» YOUR TASK
Begin at the first line of the records below and, please, give each line again exactly until the line with "settings SolverCC: AlgebraicLoopSolver=TrustRegion" is included.

» RECORD EXCERPTS
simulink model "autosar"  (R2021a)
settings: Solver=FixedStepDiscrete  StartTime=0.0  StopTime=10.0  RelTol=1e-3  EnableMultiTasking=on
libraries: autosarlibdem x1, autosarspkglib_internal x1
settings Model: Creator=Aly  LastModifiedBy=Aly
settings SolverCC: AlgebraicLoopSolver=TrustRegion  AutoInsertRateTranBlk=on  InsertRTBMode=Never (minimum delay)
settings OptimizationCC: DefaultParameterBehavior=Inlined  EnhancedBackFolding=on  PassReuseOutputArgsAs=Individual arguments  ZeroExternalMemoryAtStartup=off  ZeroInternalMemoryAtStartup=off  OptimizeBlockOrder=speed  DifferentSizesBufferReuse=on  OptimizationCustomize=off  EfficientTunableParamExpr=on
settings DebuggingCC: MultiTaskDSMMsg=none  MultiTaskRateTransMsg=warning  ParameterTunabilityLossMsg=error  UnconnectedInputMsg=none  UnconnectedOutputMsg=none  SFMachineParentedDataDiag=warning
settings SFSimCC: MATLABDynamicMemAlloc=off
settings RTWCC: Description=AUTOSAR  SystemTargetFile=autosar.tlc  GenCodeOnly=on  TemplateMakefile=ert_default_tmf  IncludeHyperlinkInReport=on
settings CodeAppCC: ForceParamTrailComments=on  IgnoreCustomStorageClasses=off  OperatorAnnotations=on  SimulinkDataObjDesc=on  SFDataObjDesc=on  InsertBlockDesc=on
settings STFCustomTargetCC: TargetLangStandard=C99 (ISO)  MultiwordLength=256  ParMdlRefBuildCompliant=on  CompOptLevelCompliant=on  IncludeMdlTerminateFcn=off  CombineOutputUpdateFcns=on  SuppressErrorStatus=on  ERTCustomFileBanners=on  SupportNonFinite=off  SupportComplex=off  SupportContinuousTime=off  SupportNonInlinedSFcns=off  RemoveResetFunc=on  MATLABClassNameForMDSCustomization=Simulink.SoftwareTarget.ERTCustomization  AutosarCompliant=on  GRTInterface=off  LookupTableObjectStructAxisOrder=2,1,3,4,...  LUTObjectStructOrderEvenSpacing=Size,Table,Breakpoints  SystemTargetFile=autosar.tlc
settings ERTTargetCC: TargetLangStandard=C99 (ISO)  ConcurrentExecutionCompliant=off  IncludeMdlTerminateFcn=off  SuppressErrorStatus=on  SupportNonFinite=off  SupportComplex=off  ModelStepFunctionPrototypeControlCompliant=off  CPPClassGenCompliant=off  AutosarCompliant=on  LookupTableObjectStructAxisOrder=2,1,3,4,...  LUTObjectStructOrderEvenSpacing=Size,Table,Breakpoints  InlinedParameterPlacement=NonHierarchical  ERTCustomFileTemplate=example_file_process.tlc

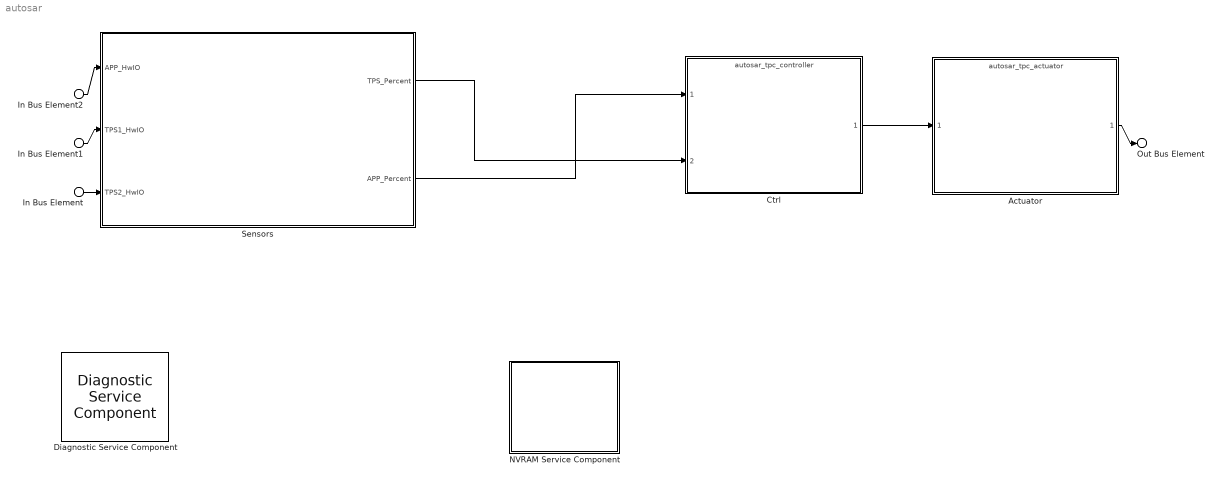
== system autosar ==
  In Bus Element2 : Inport  PortName=APP_HwIO
  In Bus Element1 : Inport  Port=2  PortName=TPS2_HwIO1
  In Bus Element : Inport  Port=3  PortName=TPS1_HwIO
  Actuator : ModelReference  ModelNameDialog=autosar_tpc_actuator  SimulationMode=Normal  ScheduleRates=on  ScheduleRatesWith=Schedule Editor  CodeInterface=Top model  ModelReferenceVersion=3.0
      settings: PortSchema="{\"entries\":[{\"content\":{\"headerSize\":38,\"margin\":15,\"minimumSpacing\":25,\"sides\":[{\"content\":{\"connectorIds\":[\"In1\"]},\"type\":\"ConnectorPlacement.EquallySpacedRectSide\",\"uuid\":\"26fd7ed6-1773-482a-a7b4-c0bab0c01c6e\"},{\"content\":{\"connectorIds\":[\"Out1\"],\"side\":\"RIGHT\"},\"type\":\"ConnectorPlacement.EquallySpacedRectSide\",\"uuid\":\"76751916-8837-4aff-8479-b4617ededb25\"},{\"content\":{\"connectorIds\":[],\"side\":\"TOP\"},\"type\":\"ConnectorPlacement.EquallySpacedRectSide\",\"uuid\":\"b9915de3-15c1-4354-81f8-a4ac649be3ef\"}]},\"type\":\"ConnectorPlacement.EquallySpacedConnector\",\"uuid\":\"5d928bdd-7cbf-4ffd-a89b-6f4194195412\"}],\"packageUris\":[\"http://schema.mathworks.com/mf0/Connector/19700101\"],\"version\":\"1.0\"}"
  Ctrl : ModelReference  ModelNameDialog=autosar_tpc_controller.slx  SimulationMode=Normal  ScheduleRates=on  ScheduleRatesWith=Schedule Editor  ModelReferenceVersion=3.0
      settings: PortSchema="{\"entries\":[{\"content\":{\"headerSize\":38,\"margin\":15,\"minimumSpacing\":25,\"sides\":[{\"content\":{\"connectorIds\":[\"In1\",\"In2\"]},\"type\":\"ConnectorPlacement.EquallySpacedRectSide\",\"uuid\":\"26fd7ed6-1773-482a-a7b4-c0bab0c01c6e\"},{\"content\":{\"connectorIds\":[\"Out1\"],\"side\":\"RIGHT\"},\"type\":\"ConnectorPlacement.EquallySpacedRectSide\",\"uuid\":\"76751916-8837-4aff-8479-b4617ededb25\"},{\"content\":{\"connectorIds\":[],\"side\":\"TOP\"},\"type\":\"ConnectorPlacement.EquallySpacedRectSide\",\"uuid\":\"b9915de3-15c1-4354-81f8-a4ac649be3ef\"}]},\"type\":\"ConnectorPlacement.EquallySpacedConnector\",\"uuid\":\"5d928bdd-7cbf-4ffd-a89b-6f4194195412\"}],\"packageUris\":[\"http://schema.mathworks.com/mf0/Connector/19700101\"],\"version\":\"1.0\"}"
  Diagnostic Service Component : autosarlibdem/Diagnostic Service Component  ClientPortNames={'S1StuckHigh', 'S1StuckLow', 'S2StuckHigh', 'S2StuckLow', 'TPS', 'TPS1StuckHigh', 'TPS1StuckLow', 'TPS2StuckHigh', 'TPS2StuckLow'}  ClientPortPortDefinedArguments={'1', '2', '3', '4', '5', '1', '2', '3', '4'}  MaxEventId=10  MaxFID=10  DemDebounceCounterIncrementStepSize=1  DemDebounceCounterDecrementStepSize=1  DemDebounceCounterFailedThreshold=2  DemDebounceCounterPassedThreshold=-1  InhibitionMatrix=[0 0 0 0 0 0 0 0 0 0 0;0 0 0 0 0 0 0 0 0 0 0;0 0 0 0 0 0 0 0 0 0 0;0 0 0 0 0 0 0 0 0 0 0;0 0 0 0 0 0 0 0 0 0 0;0 0 0 0 0 0 0 0 0 0 0;0 0 0 0 0 0 0 0 0 0 0;0 0 0 0 0 0 0 0 0 0 0;0 0 0 0 0 0 0 0 0 0 0;0 0 0 0 0 0 0 0 0 0 0;0 0 0 0 0 0 0 0 0 0 0]  EnableConditionIndexes=zeros(257,'uint8')  StorageConditionIndexes=zeros(257,'uint8')
      settings: SourceProductBaseCode=AS
  NVRAM Service Component : Subsystem  DialogController=bsw_create_dialog  mask(NVRAM Service Component){ClientPortNames={'S1LowSetPoint', 'S2LowSetPoint'}, ClientPortPortDefinedArguments={'1', '2'}, MaxBlockId=10}
      mask prompts: ClientPortNames "Application port names:"; ClientPortPortDefinedArguments "Port defined arguments:"; MaxBlockId "Max BlockId:"
      mask help: Configure AUTOSAR NVRAM Services and Runtime Environment (RTE) for emulation.
      mask init:
      | autosar.bsw.Dem_defineIntEnumTypes(bdroot(gcb));
      settings: PreCopyFcn=autosar.bsw.ServiceComponent.preCopyCallback(gcb, bdroot);  PortSchema="{\"entries\":[{\"content\":{\"headerSize\":26,\"margin\":15,\"minimumSpacing\":25,\"sides\":[{\"content\":{\"connectorIds\":[]},\"type\":\"ConnectorPlacement.EquallySpacedRectSide\",\"uuid\":\"194fddf8-ae40-4ae3-8397-8b27cef3d678\"},{\"content\":{\"connectorIds\":[],\"side\":\"RIGHT\"},\"type\":\"ConnectorPlacement.EquallySpacedRectSide\",\"uuid\":\"d15cd58e-997f-46ff-b602-45f4e834c83b\"},{\"content\":{\"connectorIds\":[],\"side\":\"TOP\"},\"type\":\"ConnectorPlacement.EquallySpacedRectSide\",\"uuid\":\"279e8bf3-7635-4781-81a2-9c29f80d2e6e\"}]},\"type\":\"ConnectorPlacement.EquallySpacedConnector\",\"uuid\":\"f28a43c0-52f5-4644-acaf-ed8d54afaf9a\"}],\"packageUris\":[\"http://schema.mathworks.com/mf0/Connector/R2020b\"],\"version\":\"1.0\"}"
      mask Help: helpview(fullfile(docroot,'autosar','helptargets.map'),'autosar_memory_service_block');
      mask DialogControl DescGroupVar Prompt: NVRAM Service Component
  Sensors : Subsystem
      settings: PortSchema="{\"entries\":[{\"content\":{\"headerSize\":26,\"margin\":15,\"minimumSpacing\":25,\"sides\":[{\"content\":{\"connectorIds\":[\"In3\",\"In1\",\"In2\"]},\"type\":\"ConnectorPlacement.EquallySpacedRectSide\",\"uuid\":\"26fd7ed6-1773-482a-a7b4-c0bab0c01c6e\"},{\"content\":{\"connectorIds\":[\"Out1\",\"Out2\"],\"side\":\"RIGHT\"},\"type\":\"ConnectorPlacement.EquallySpacedRectSide\",\"uuid\":\"76751916-8837-4aff-8479-b4617ededb25\"},{\"content\":{\"connectorIds\":[],\"side\":\"TOP\"},\"type\":\"ConnectorPlacement.EquallySpacedRectSide\",\"uuid\":\"b9915de3-15c1-4354-81f8-a4ac649be3ef\"}]},\"type\":\"ConnectorPlacement.EquallySpacedConnector\",\"uuid\":\"5d928bdd-7cbf-4ffd-a89b-6f4194195412\"}],\"packageUris\":[\"http://schema.mathworks.com/mf0/Connector/R2020b\"],\"version\":\"1.0\"}"
  Out Bus Element : Outport  PortName=ThrCmd_HwIO
  wires:
  Ctrl/1 -> Actuator/1
  Actuator/1 -> Out Bus Element/1
  Sensors/1(TPS_Percent) -> Ctrl/2
  In Bus Element2/1 -> Sensors/3(APP_HwIO)
  In Bus Element1/1 -> Sensors/1(TPS1_HwIO)
  In Bus Element/1 -> Sensors/2(TPS2_HwIO)
  Sensors/2(APP_Percent) -> Ctrl/1

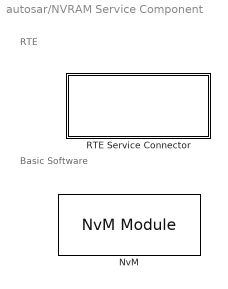
== system autosar/NVRAM Service Component ==
  note: Basic Software
  note: RTE
  NvM : autosarspkglib_internal/NvM Module  MaxBlockId=MaxBlockId
      settings: SourceProductBaseCode=AS
  RTE Service Connector : Subsystem  mask(RTE Service Connector){ApplicationFunctionNames={'S1LowSetPoint_ReadBlock', 'S2LowSetPoint_ReadBlock'}, ServiceFunctionNames={'NvM_ReadBlock', 'NvM_ReadBlock'}, ServicePortDefinedArguments={'1', '2'}}
      mask prompts: ApplicationFunctionNames "Application function names:"; ServiceFunctionNames "Service function names"; ServicePortDefinedArguments "Service port defined arguments:"
      mask help: Connect application callers to service functions.
      settings: PreCopyFcn=autosar.bsw.ServiceComponent.preCopyCallback(gcb, bdroot);  PortSchema="{\"entries\":[{\"content\":{\"headerSize\":26,\"margin\":15,\"minimumSpacing\":25,\"sides\":[{\"content\":{\"connectorIds\":[]},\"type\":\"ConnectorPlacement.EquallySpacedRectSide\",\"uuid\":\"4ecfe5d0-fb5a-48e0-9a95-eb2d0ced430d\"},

» REPLY TO THE EXERCISE
simulink model "autosar"  (R2021a)
settings: Solver=FixedStepDiscrete  StartTime=0.0  StopTime=10.0  RelTol=1e-3  EnableMultiTasking=on
libraries: autosarlibdem x1, autosarspkglib_internal x1
settings Model: Creator=Aly  LastModifiedBy=Aly
settings SolverCC: AlgebraicLoopSolver=TrustRegion  AutoInsertRateTranBlk=on  InsertRTBMode=Never (minimum delay)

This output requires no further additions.